In a different direction, there is also major interest in applying this technology to CAR-T cell therapy, which is one of the most promising new developments for cancer immunotherapy. This approach relies upon genetically modifying a patient’s regulatory T cells to help attack cancerous cells. To date this has been achieved through the use of viruses, although CRISPR-Cas9 technology could offer significant advantages to this procedure. While these represent exciting developments, it should be emphasised that the routine use of such treatments is probably a decade or more away.
Where we stand
Today’s statement lays out our stance on the use of gene editing. We want research using CRISPR-Cas9 to continue, both as a tool for laboratory-based research and for the development of novel therapeutics, as highlighted above. This includes using the technique in pre-clinical research in human eggs, sperm and early embryos, so long as this is justified, scientifically and ethically, and within current UK law, where such research is strictly controlled.
But we also want open and widespread discussion among scientists, ethicists and the public about how these techniques could be used in the future to treat and prevent genetic disease – whether through the current drive to develop gene and cell therapies using somatic cells, or looking further ahead to their potential in reproductive cells.

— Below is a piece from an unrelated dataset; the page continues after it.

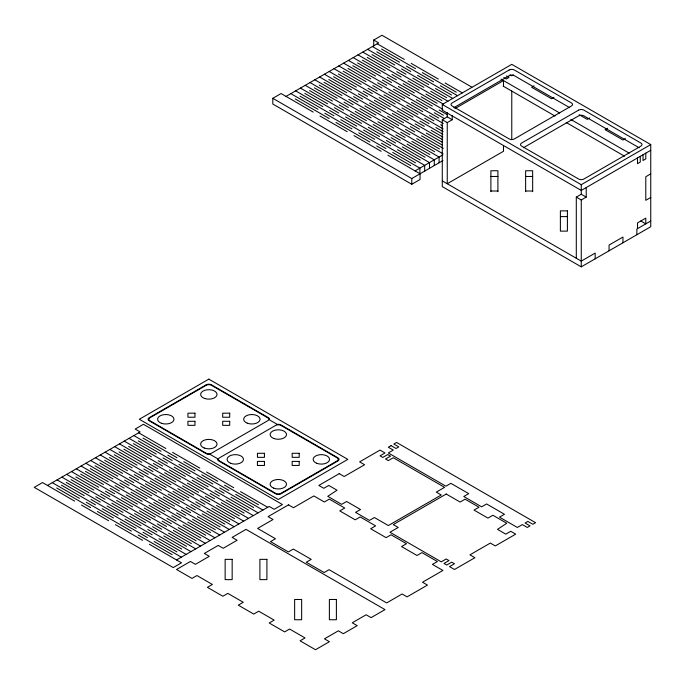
<?xml version="1.0" encoding="UTF-8"?>
<svg xmlns="http://www.w3.org/2000/svg" width="685" height="685" viewBox="0 0 685 685"><rect width="100%" height="100%" fill="white"/><g stroke="black" fill="none" stroke-linecap="round" stroke-linejoin="round"><path stroke-width="1.03" d="M387.924 155.221L420.051 173.776L420.051 179.504L411.779 184.282L272.801 104.043L272.801 98.315L281.073 93.537L313.208 112.092M373.727 45.775L373.727 40.047L381.999 35.269L471.871 87.158M286.039 96.405L378.694 42.907L373.727 40.047M650.75 150.306L581.257 190.43L442.279 110.191L442.279 104.462L511.772 64.339L650.75 144.578L650.75 226.726L581.257 266.85L442.279 186.611L442.279 119.747L447.245 116.878L452.211 119.747L452.211 115.5M453.907 107.631L509.126 75.752A3.742 2.158 0 0 1 514.418 75.752L569.637 107.631M454.96 108.607L503.501 80.582L503.501 86.31M513.425 74.845L511.772 75.804L510.119 74.845M442.279 119.747L447.245 122.606L452.211 119.747M534.112 85.83L531.628 87.269L551.476 98.726L553.96 97.296M415.093 170.907L442.887 154.861M272.801 98.315L411.779 178.554L442.887 160.59M523.4 147.755L578.611 115.876A3.742 2.158 0 0 1 583.911 115.876L639.122 147.755M589.699 117.931L587.216 119.361L579.176 114.72M607.569 128.241L605.086 129.679L622.956 139.997L625.439 138.558M47.488 485.434L140.134 431.944L135.176 429.075L143.448 424.298L282.425 504.537L274.154 509.315L269.188 506.446L176.533 559.945M442.279 104.462L581.257 184.693L650.75 144.578M576.299 258.254L576.299 197.117L581.257 194.249L586.223 197.117L586.223 187.562M576.299 197.117L581.257 199.977L586.223 197.117M650.75 173.87L645.784 176.739L645.784 200.303L650.75 197.434M650.75 220.998L636.853 229.021L636.853 234.75M490.888 176.473L497.909 176.473M525.635 176.473L532.656 176.473M490.888 191.012L497.909 191.012M525.635 191.012L532.656 191.012M560.381 216.597L567.403 216.597M506.532 75.958L509.015 77.396L506.258 78.989L503.775 77.551M501.018 79.143L559.688 113.016M570.802 119.438L629.172 153.14M503.167 86.122L555.055 116.073M566.17 122.495L624.54 156.197M377.204 43.771L404.373 59.458M411.163 63.38L438.332 79.066M445.122 82.988L462.332 92.92M381.596 49.08L415.555 68.68M422.345 72.601L456.313 92.21M372.409 46.537L399.578 62.224M406.368 66.145L433.536 81.832M440.327 85.753L457.537 95.686M376.801 51.846L410.76 71.454M417.55 75.376L451.509 94.984M367.605 49.311L394.774 64.998M401.564 68.92L428.733 84.606M435.532 88.528L452.734 98.46M371.998 54.62L405.957 74.228M412.755 78.141L446.714 97.749M362.81 52.077L389.979 67.764M396.769 71.685L423.938 87.372M430.728 91.293L447.939 101.226M367.203 57.386L401.162 76.994M407.952 80.916L441.919 100.524M358.007 54.851L385.175 70.538M391.974 74.459L419.143 90.146M425.933 94.068L443.135 104M362.408 60.16L396.367 79.768M403.157 83.69L437.116 103.289M640.826 220.998L645.784 223.858L645.784 218.13L637.512 222.908L637.512 228.636M353.212 57.617L380.38 73.304M387.171 77.225L414.339 92.912M421.138 96.833L442.87 109.386M357.604 62.926L391.563 82.534M398.362 86.456L432.321 106.064M439.111 109.985L447.373 114.755M348.417 60.391L375.585 76.078M382.376 79.999L409.544 95.686M416.334 99.608L443.503 115.294M352.809 65.7L386.768 85.308M393.558 89.23L427.526 108.829M434.316 112.751L444.411 118.582M343.613 63.157L370.782 78.843M377.581 82.765L404.749 98.452M411.539 102.373L438.708 118.06M348.006 68.466L381.973 88.074M388.763 91.995L422.722 111.604M429.512 115.525L443.281 123.471M338.818 65.931L365.987 81.618M372.777 85.539L399.946 101.226M406.744 105.147L433.905 120.834M440.703 124.756L442.51 125.8M343.211 71.24L377.17 90.848M383.968 94.77L417.927 114.369M424.717 118.291L443.075 128.891M334.023 68.705L361.192 84.383M367.982 88.305L395.151 103.992M401.941 107.913L429.11 123.6M435.9 127.521L443.152 131.708M338.416 74.006L372.375 93.614M379.165 97.535L413.123 117.144M419.922 121.065L442.87 134.311M329.22 71.471L356.388 87.158M363.187 91.079L390.356 106.766M397.146 110.687L424.315 126.374M431.105 130.296L442.878 137.094M333.612 76.78L367.58 96.388M374.37 100.31L408.328 119.918M415.119 123.831L442.656 139.731M324.425 74.245L351.593 89.923M358.383 93.845L385.552 109.531M392.342 113.453L419.511 129.14M426.31 133.061L442.604 142.471M328.817 79.546L362.776 99.154M369.575 103.075L403.533 122.683M410.324 126.605L442.45 145.151M319.63 77.011L346.798 92.698M353.588 96.619L380.757 112.306M387.547 116.227L414.716 131.914M421.506 135.835L443.246 148.38M324.022 82.32L357.981 101.928M364.771 105.85L398.73 125.458M405.529 129.379L439.487 148.979M314.826 79.785L341.995 95.472M348.793 99.385L375.954 115.071M382.752 118.993L409.921 134.68M416.711 138.601L442.972 153.765M319.219 85.086L353.186 104.694M359.976 108.615L393.935 128.223M400.725 132.145L434.692 151.753M310.031 82.551L337.2 98.238M343.99 102.159L371.159 117.846M377.949 121.767L405.118 137.454M411.916 141.375L439.085 157.062L439.085 162.79M314.424 87.86L348.382 107.468M355.173 111.39L389.14 130.998M395.93 134.919L429.889 154.519M305.236 85.325L332.405 101.012M339.195 104.933L366.364 120.611M373.154 124.533L400.323 140.219M407.113 144.141L434.281 159.828L434.281 165.565M309.629 90.626L343.587 110.234M350.377 114.155L384.336 133.763M391.135 137.685L425.094 157.293M300.432 88.091L327.601 103.778M334.391 107.699L361.56 123.386M368.359 127.307L395.528 142.994M402.318 146.915L429.486 162.602L429.486 168.33M304.825 93.4L338.792 113.008M345.582 116.929L379.541 136.538M386.331 140.459L420.29 160.059M295.637 90.865L322.806 106.552M329.596 110.473L356.765 126.151M363.555 130.073L390.724 145.759M397.523 149.681L424.691 165.368L424.691 171.104M300.03 96.165L333.989 115.774M340.779 119.695L374.746 139.303M381.536 143.225L415.495 162.833M442.279 180.874L581.257 261.113L595.162 253.09L595.162 258.827M290.842 93.631L318.003 109.317M324.801 113.239L351.97 128.926M358.76 132.847L385.929 148.534M392.719 152.455L419.888 168.142L419.888 173.87M295.235 98.94L329.194 118.548M335.984 122.469L369.943 142.078M376.741 145.999L410.7 165.607M319.998 116.013L347.167 131.691M353.965 135.613L381.134 151.299M138.653 432.8L165.821 448.487M172.611 452.408L199.78 468.095M206.57 472.016L233.739 487.703M240.529 491.624L267.698 507.311M143.045 438.109L177.004 457.717M183.794 461.639L217.753 481.247M224.552 485.168L258.51 504.768M133.849 435.574L161.018 451.261M167.808 455.183L194.977 470.86M201.775 474.782L228.944 490.469M235.734 494.39L262.903 510.077M138.242 440.875L172.209 460.483M178.999 464.404L212.958 484.012M219.748 487.934L253.707 507.542M129.054 438.34L156.223 454.027M163.013 457.948L190.182 473.635M196.972 477.556L224.141 493.243M230.939 497.164L258.108 512.851M133.447 443.649L167.405 463.257M174.195 467.179L208.163 486.787M214.953 490.708L248.912 510.316M124.259 441.114L151.419 456.801M158.218 460.722L185.387 476.4M192.177 480.322L219.346 496.008M226.136 499.93L253.304 515.617M128.652 446.414L162.61 466.023M169.4 469.944L203.359 489.552M210.158 493.474L244.117 513.082M119.455 443.88L146.624 459.567M153.414 463.488L180.583 479.175M187.382 483.096L214.551 498.783M221.341 502.704L248.509 518.391M123.848 449.189L157.807 468.797M164.606 472.719L198.564 492.327M205.354 496.248L239.313 515.856M114.66 446.654L141.829 462.341M148.619 466.262L175.788 481.949M182.578 485.862L209.747 501.548M216.537 505.47L243.706 521.157M119.053 451.954L153.012 471.563M159.802 475.484L193.769 495.092M200.559 499.014L234.518 518.622M109.857 449.42L137.026 465.106M143.824 469.028L170.993 484.715M177.783 488.636L204.952 504.323M211.742 508.244L238.911 523.931M114.258 454.729L148.217 474.337M155.007 478.258L188.966 497.867M195.756 501.788L229.723 521.396M105.062 452.194L132.231 467.881M139.021 471.802L166.19 487.489M172.988 491.41L200.157 507.088M206.947 511.01L234.116 526.697M109.454 457.503L143.413 477.103M150.212 481.024L184.171 500.632M190.961 504.554L224.92 524.162M100.267 454.96L127.436 470.646M134.226 474.568L161.395 490.254M168.185 494.176L195.353 509.863M202.143 513.784L229.312 529.471M104.659 460.269L138.618 479.877M145.408 483.798L179.367 503.406M186.166 507.328L220.125 526.936M95.463 457.734L122.632 473.421M129.431 477.342L156.6 493.029M163.39 496.95L190.558 512.628M197.348 516.55L224.517 532.236M99.856 463.043L133.823 482.642M140.613 486.564L174.572 506.172M181.362 510.094L215.33 529.702M90.668 460.5L117.837 476.186M124.627 480.108L151.796 495.794M158.586 499.716L185.755 515.403M192.553 519.324L219.722 535.011M95.061 465.809L129.02 485.417M135.818 489.338L169.777 508.946M176.567 512.868L210.526 532.476M85.873 463.274L113.042 478.961M119.832 482.882L147.001 498.569M153.791 502.49L180.96 518.177M187.75 522.09L214.919 537.776M90.266 468.583L124.225 488.182M131.015 492.104L164.974 511.712M171.772 515.634L205.731 535.242M81.07 466.04L108.239 481.726M115.037 485.648L142.206 501.334M148.996 505.256L176.165 520.942M182.955 524.864L210.124 540.551M85.462 471.349L119.43 490.957M126.22 494.878L160.179 514.486M166.969 518.408L200.936 538.016M76.275 468.814L103.444 484.5M110.234 488.422L137.402 504.109M144.192 508.03L171.361 523.717M178.16 527.638L205.329 543.316M80.667 474.123L114.626 493.731M121.416 497.644L155.384 517.252M162.174 521.174L196.133 540.782M71.48 471.58L98.649 487.266M105.439 491.188L132.607 506.874M139.398 510.796L166.566 526.482M173.356 530.404L200.525 546.091M75.872 476.888L109.831 496.497M116.621 500.418L150.58 520.026M157.379 523.948L191.338 543.556M66.676 474.354L93.845 490.04M100.635 493.962L127.804 509.649M134.602 513.57L161.771 529.257M168.561 533.178L195.73 548.856M71.069 479.663L105.036 499.271M111.826 503.192L145.785 522.792M152.575 526.714L186.534 546.322M61.881 477.12L89.05 492.806M95.84 496.728L123.009 512.414M129.799 516.336L156.968 532.022M163.766 535.944L190.935 551.63M66.274 482.428L100.233 502.036M107.023 505.958L140.99 525.566M147.78 529.488L181.739 549.096M57.086 479.894L84.246 495.58M91.045 499.502L118.214 515.188M125.004 519.11L152.173 534.797M158.963 538.718L186.132 554.396M61.479 485.203L95.438 504.811M102.228 508.732L136.187 528.332M142.985 532.254L176.944 551.862M52.283 482.66L79.451 498.346M86.241 502.268L113.41 517.954M120.209 521.876L147.378 537.562M154.168 541.484L181.337 557.17M56.675 487.968L90.634 507.576M97.433 511.498L131.392 531.106M138.182 535.028L172.14 554.636M74.656 501.12L42.521 482.565L34.25 487.343L173.228 567.582L181.499 562.805L149.364 544.258M81.447 505.042L108.615 520.728M115.405 524.65L142.574 540.337M645.784 153.175L645.784 158.903L643.027 160.495L643.027 154.767M640.269 156.36L640.269 162.088L637.512 163.681L637.512 157.952M622.956 242.773L622.956 237.044L609.059 245.067L609.059 250.796M581.257 184.693L581.257 194.249M581.257 199.977L581.257 266.85M532.656 191.672L532.656 170.745L525.635 170.745L525.635 191.672M511.772 90.977L511.772 139.706M503.501 145.537L503.501 151.265L447.245 183.743L447.245 122.606M497.909 191.672L497.909 170.745L490.888 170.745L490.888 191.672M447.245 112.631L447.245 116.878M411.779 178.554L411.779 184.282M509.126 70.024L452.126 102.93A3.742 2.158 0 0 0 452.126 105.987L509.126 138.892A3.742 2.158 0 0 0 514.418 138.892L571.418 105.987A3.742 2.158 0 0 0 571.418 102.93L514.418 70.024A3.742 2.158 0 0 0 509.126 70.024M578.611 110.139L521.619 143.054A3.742 2.158 0 0 0 521.619 146.11L578.611 179.016A3.742 2.158 0 0 0 583.911 179.016L640.903 146.11A3.742 2.158 0 0 0 640.903 143.054L583.911 110.139A3.742 2.158 0 0 0 578.611 110.139M208.822 379.139L139.329 419.263L278.307 499.502L347.8 459.378L208.822 379.139M206.176 384.824L149.176 417.73A3.742 2.158 0 0 0 149.176 420.787L206.176 453.693A3.742 2.158 0 0 0 209.858 454.241L217.71 458.779A3.742 2.158 0 0 0 218.669 460.911L275.661 493.817A3.742 2.158 0 0 0 280.953 493.817L337.953 460.911A3.742 2.158 0 0 0 337.953 457.854L280.953 424.94A3.742 2.158 0 0 0 277.279 424.392L269.419 419.854A3.742 2.158 0 0 0 268.469 417.73L211.468 384.824A3.742 2.158 0 0 0 206.176 384.824M206.176 385.304L150.006 417.73A3.742 2.158 0 0 0 150.006 420.787L206.176 453.222A3.742 2.158 0 0 0 211.468 453.222L267.638 420.787A3.742 2.158 0 0 0 267.638 417.73L211.468 385.304A3.742 2.158 0 0 0 206.176 385.304M275.661 425.419L219.491 457.854A3.742 2.158 0 0 0 219.491 460.911L275.661 493.337A3.742 2.158 0 0 0 280.953 493.337L337.131 460.911A3.742 2.158 0 0 0 337.131 457.854L280.953 425.419A3.742 2.158 0 0 0 275.661 425.419M339.229 473.652L318.825 485.434L323.791 488.302L328.749 485.434L337.02 490.212L327.755 496.325L341.652 504.348L346.619 501.48L360.515 509.503L355.558 512.371L369.455 520.394L374.412 517.526L388.309 525.549L441.26 494.99L436.294 492.121L444.565 487.343L393.276 457.734L388.309 460.594L385.552 459.01L390.518 456.142L387.761 454.549L382.795 457.417L380.038 455.825L385.004 452.956L380.038 450.088L359.634 461.87L364.6 464.738L344.195 476.52L339.229 473.652M190.439 561.469L176.533 569.492L191.98 578.405L196.946 575.546L212.384 584.459L207.418 587.328L222.865 596.241L227.822 593.373L243.269 602.286L238.303 605.155L253.75 614.068L258.707 611.2L274.154 620.122L269.188 622.982L284.635 631.904L289.592 629.035L305.039 637.949L300.073 640.817L315.511 649.731L329.416 641.708L324.45 638.84L338.347 630.817L343.313 633.685L357.21 625.662L352.244 622.793L366.141 614.77L371.107 617.639L385.004 609.616L246.026 529.377L232.129 537.4L237.096 540.26L223.19 548.291L218.232 545.423L204.335 553.446L209.293 556.314L195.396 564.337L190.439 561.469M288.488 504.854L268.083 516.636L273.05 519.504L257.611 528.418L275.473 538.735L270.515 541.604L288.385 551.913L293.343 549.053L311.213 559.371L306.246 562.231L324.116 572.549L329.083 569.68L386.657 602.928L402.104 594.006L407.061 596.875L427.466 585.093L422.508 582.233L442.912 570.451L432.432 564.397L437.398 561.529L421.951 552.615L416.994 555.484L401.547 546.57L406.513 543.702L391.067 534.788L386.109 537.656L370.662 528.734L375.628 525.874L360.19 516.952L355.224 519.821L339.777 510.907L344.743 508.039L329.305 499.125L324.339 501.994L313.858 495.94L293.454 507.722L288.488 504.854M391.067 445.635L388.309 447.228L393.276 450.088L388.309 452.956L445.892 486.196L450.85 483.336L468.72 493.645L463.762 496.514L481.623 506.831L486.59 503.963L504.46 514.281L499.493 517.149L517.363 527.467L522.33 524.599L527.287 527.467L530.044 525.874L525.087 523.006L527.844 521.413L532.802 524.282L535.567 522.689L396.589 442.45L393.824 444.043L398.79 446.903L396.033 448.495L391.067 445.635M446.218 494.031L393.276 524.599L398.242 527.467L389.97 532.236L441.26 561.854L446.218 558.986L448.975 560.578L444.017 563.447L446.774 565.039L451.732 562.171L454.489 563.764L449.531 566.623L454.489 569.492L474.902 557.71L469.936 554.85L490.34 543.068L495.306 545.928L515.711 534.146L510.745 531.286L505.778 534.146L497.507 529.377L506.772 523.263L492.875 515.24L487.917 518.1L474.02 510.077L478.978 507.217L465.081 499.185L460.114 502.054L446.218 494.031M567.403 210.869L560.381 210.869L560.381 231.128L567.403 231.128L567.403 210.869M194.96 413.183L187.938 413.183L187.938 417.233L194.96 417.233L194.96 413.183M229.706 413.183L222.685 413.183L222.685 417.233L229.706 417.233L229.706 413.183M194.96 421.284L187.938 421.284L187.938 425.342L194.96 425.342L194.96 421.284M229.706 421.284L222.685 421.284L222.685 425.342L229.706 425.342L229.706 421.284M264.444 453.299L257.432 453.299L257.432 457.349L264.444 457.349L264.444 453.299M299.191 453.299L292.17 453.299L292.17 457.349L299.191 457.349L299.191 453.299M264.444 461.407L257.432 461.407L257.432 465.457L264.444 465.457L264.444 461.407M299.191 461.407L292.17 461.407L292.17 465.457L299.191 465.457L299.191 461.407M232.164 559.362L225.142 559.362L225.142 579.621L232.164 579.621L232.164 559.362M266.91 559.362L259.889 559.362L259.889 579.621L266.91 579.621L266.91 559.362M301.648 599.478L294.636 599.478L294.636 619.745L301.648 619.745L301.648 599.478M336.395 599.478L329.374 599.478L329.374 619.745L336.395 619.745L336.395 599.478M161.694 423.356A8.186 4.726 0 0 0 173.973 419.263A8.186 4.726 0 0 0 161.694 415.161A8.186 4.726 0 0 0 161.694 423.356M230.682 463.291A8.186 4.726 0 0 0 243.44 459.721A8.186 4.726 0 0 0 231.701 455.123A8.186 4.726 0 0 0 230.682 463.291M204.729 398.507A8.186 4.726 0 0 0 217.008 394.414A8.186 4.726 0 0 0 204.729 390.322A8.186 4.726 0 0 0 204.729 398.507M273.717 438.451A8.186 4.726 0 0 0 286.476 434.872A8.186 4.726 0 0 0 274.728 430.283A8.186 4.726 0 0 0 273.717 438.451M204.233 448.024A8.186 4.726 0 0 0 216.991 444.445A8.186 4.726 0 0 0 205.243 439.856A8.186 4.726 0 0 0 204.233 448.024M273.717 488.14A8.186 4.726 0 0 0 286.476 484.56A8.186 4.726 0 0 0 274.728 479.971A8.186 4.726 0 0 0 273.717 488.14M247.268 423.176A8.186 4.726 0 0 0 260.026 419.597A8.186 4.726 0 0 0 248.278 415.007A8.186 4.726 0 0 0 247.268 423.176M316.753 463.291A8.186 4.726 0 0 0 329.511 459.721A8.186 4.726 0 0 0 317.763 455.123A8.186 4.726 0 0 0 316.753 463.291"/></g></svg>

We’ve shown that we have the ethical and regulatory wherewithal in this country to find ways forward through complex ethical issues. For example, in recent years, the public, researchers and regulatory systems have come together to find a way forward both in research using human embryonic stem cells and in the use of mitochondrial donation.
Where we go from here
So what are the next steps? The Nuffield Council on Bioethics – to which we provide core funding along with the Nuffield Founcation and the Wellcome Trust – has launched a project on genome editing, in which MRC scientists will be involved. You can read their background paper on genome editing here.
Together with the Wellcome Trust, we’re also funding a meeting of the Hinxton Group, a consortium of stakeholders which works to address ethical issues facing stem cell scientists internationally, to discuss the convergence of gene editing, stem cell research and the potential for modification of human germlines.
In the meantime, we fully support the continued use of gene editing technologies to unravel the complexity of disease and find new ways to treat it. A moratorium is not the answer – the responsible and regulated use of these technologies while their future is openly debated is the way to push the frontiers of science.